# cannot create /dev/null: Unkown error: 268435456



## hilal (Oct 8, 2010)

Hi,

I have installed FreeBSD 8.1 on my old Pentium4 system. I have one disk and I used auto partitioning. Installation went fine but I have a problem in booting up the system.

I checked the output and everything seems fine but something strange happens in the end:


```
Trying to mount root from ufs:/dev/ad0s1a
/etc/rc: cannot create /dev/null: Unkown error: 268435456
pid 25 (ps), uid 0: exited on signal 11
Segmentation fault
/etc/rc: cannot create /dev/null: Unkown error: 268435456
/etc/rc: cannot create /dev/null: Unkown error: 268435456

Wed May 12 11:20:56 CEST 2010
May 12 11:20:56 init: can't exec getty '/usr/libexec/getty' for port /dev/ttyv0: No such file or directory
May 12 11:20:56 init: can't exec getty '/usr/libexec/getty' for port /dev/ttyv6: No such file or directory
...
May 12 11:20:56 init: can't exec getty '/usr/libexec/getty' for port /dev/ttyv7: No such file or directory
```

Then nothing happens, until I press ctrl+alt+del and system restars

I tried to boot FreeBSD in single user mode and it boots fine.

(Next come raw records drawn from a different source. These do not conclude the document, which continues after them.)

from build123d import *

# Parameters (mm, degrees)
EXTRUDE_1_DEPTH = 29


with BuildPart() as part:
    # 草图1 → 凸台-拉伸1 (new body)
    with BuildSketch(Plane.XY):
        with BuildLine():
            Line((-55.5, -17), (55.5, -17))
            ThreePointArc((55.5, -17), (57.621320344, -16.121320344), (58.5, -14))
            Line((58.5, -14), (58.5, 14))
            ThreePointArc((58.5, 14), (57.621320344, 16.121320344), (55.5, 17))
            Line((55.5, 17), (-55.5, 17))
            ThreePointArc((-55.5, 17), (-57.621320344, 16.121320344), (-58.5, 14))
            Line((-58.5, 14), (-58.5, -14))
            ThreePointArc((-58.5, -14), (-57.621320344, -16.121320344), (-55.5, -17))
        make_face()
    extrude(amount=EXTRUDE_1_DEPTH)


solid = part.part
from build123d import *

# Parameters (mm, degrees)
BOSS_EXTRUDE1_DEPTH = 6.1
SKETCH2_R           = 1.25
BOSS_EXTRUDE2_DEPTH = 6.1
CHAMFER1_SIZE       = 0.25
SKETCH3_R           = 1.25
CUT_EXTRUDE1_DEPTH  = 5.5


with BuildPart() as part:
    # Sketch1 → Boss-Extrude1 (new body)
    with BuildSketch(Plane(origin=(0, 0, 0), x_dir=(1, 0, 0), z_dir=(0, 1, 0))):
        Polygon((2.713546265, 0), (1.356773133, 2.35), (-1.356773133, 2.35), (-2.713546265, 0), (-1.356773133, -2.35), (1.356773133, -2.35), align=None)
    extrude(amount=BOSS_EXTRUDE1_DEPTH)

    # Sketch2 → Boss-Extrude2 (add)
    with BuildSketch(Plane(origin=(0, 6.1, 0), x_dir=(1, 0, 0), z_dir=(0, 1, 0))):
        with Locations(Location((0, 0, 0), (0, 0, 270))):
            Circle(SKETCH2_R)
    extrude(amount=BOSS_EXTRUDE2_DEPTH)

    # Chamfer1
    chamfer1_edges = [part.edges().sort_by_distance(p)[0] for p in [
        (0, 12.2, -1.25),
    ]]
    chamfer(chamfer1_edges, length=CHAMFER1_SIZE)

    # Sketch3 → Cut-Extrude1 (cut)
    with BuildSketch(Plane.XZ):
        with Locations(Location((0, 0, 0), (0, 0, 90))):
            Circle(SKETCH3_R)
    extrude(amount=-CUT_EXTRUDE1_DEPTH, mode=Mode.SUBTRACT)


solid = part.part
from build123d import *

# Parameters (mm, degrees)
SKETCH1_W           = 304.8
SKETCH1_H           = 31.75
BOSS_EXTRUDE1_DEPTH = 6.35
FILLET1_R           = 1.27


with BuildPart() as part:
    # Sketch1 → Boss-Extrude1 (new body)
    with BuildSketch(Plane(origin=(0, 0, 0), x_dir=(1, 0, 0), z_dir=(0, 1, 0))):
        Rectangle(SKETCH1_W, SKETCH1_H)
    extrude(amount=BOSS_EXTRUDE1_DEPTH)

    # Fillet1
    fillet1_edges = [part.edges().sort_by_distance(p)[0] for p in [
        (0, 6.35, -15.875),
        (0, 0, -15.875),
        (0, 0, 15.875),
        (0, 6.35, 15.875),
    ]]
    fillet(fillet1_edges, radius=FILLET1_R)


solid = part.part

Can anyone help me figure this out? Thank you for your time in advance.


----------



## graudeejs (Oct 8, 2010)

If you could show /etc/rc.conf...

you can access it either in single user mode (when FreeBSD boots, there is menu for 10 seconds)
or booting from fixit mode dvd or fixit-cd
(some FreeBSD & Unix knowledge required)


----------



## hilal (Oct 8, 2010)

```
# -- sysinstall generated deltas -- # Wed May 12 10:32:25 2010
... some comments ...
hostname=".bredbandsbolaget.se"
ifconfig_r10="DHCP"
keymap="swedish.iso"
```
Hope it helps,


----------



## SirDice (Oct 8, 2010)

hilal said:
			
		

> Installation went fine but I have a problem in booting up the system.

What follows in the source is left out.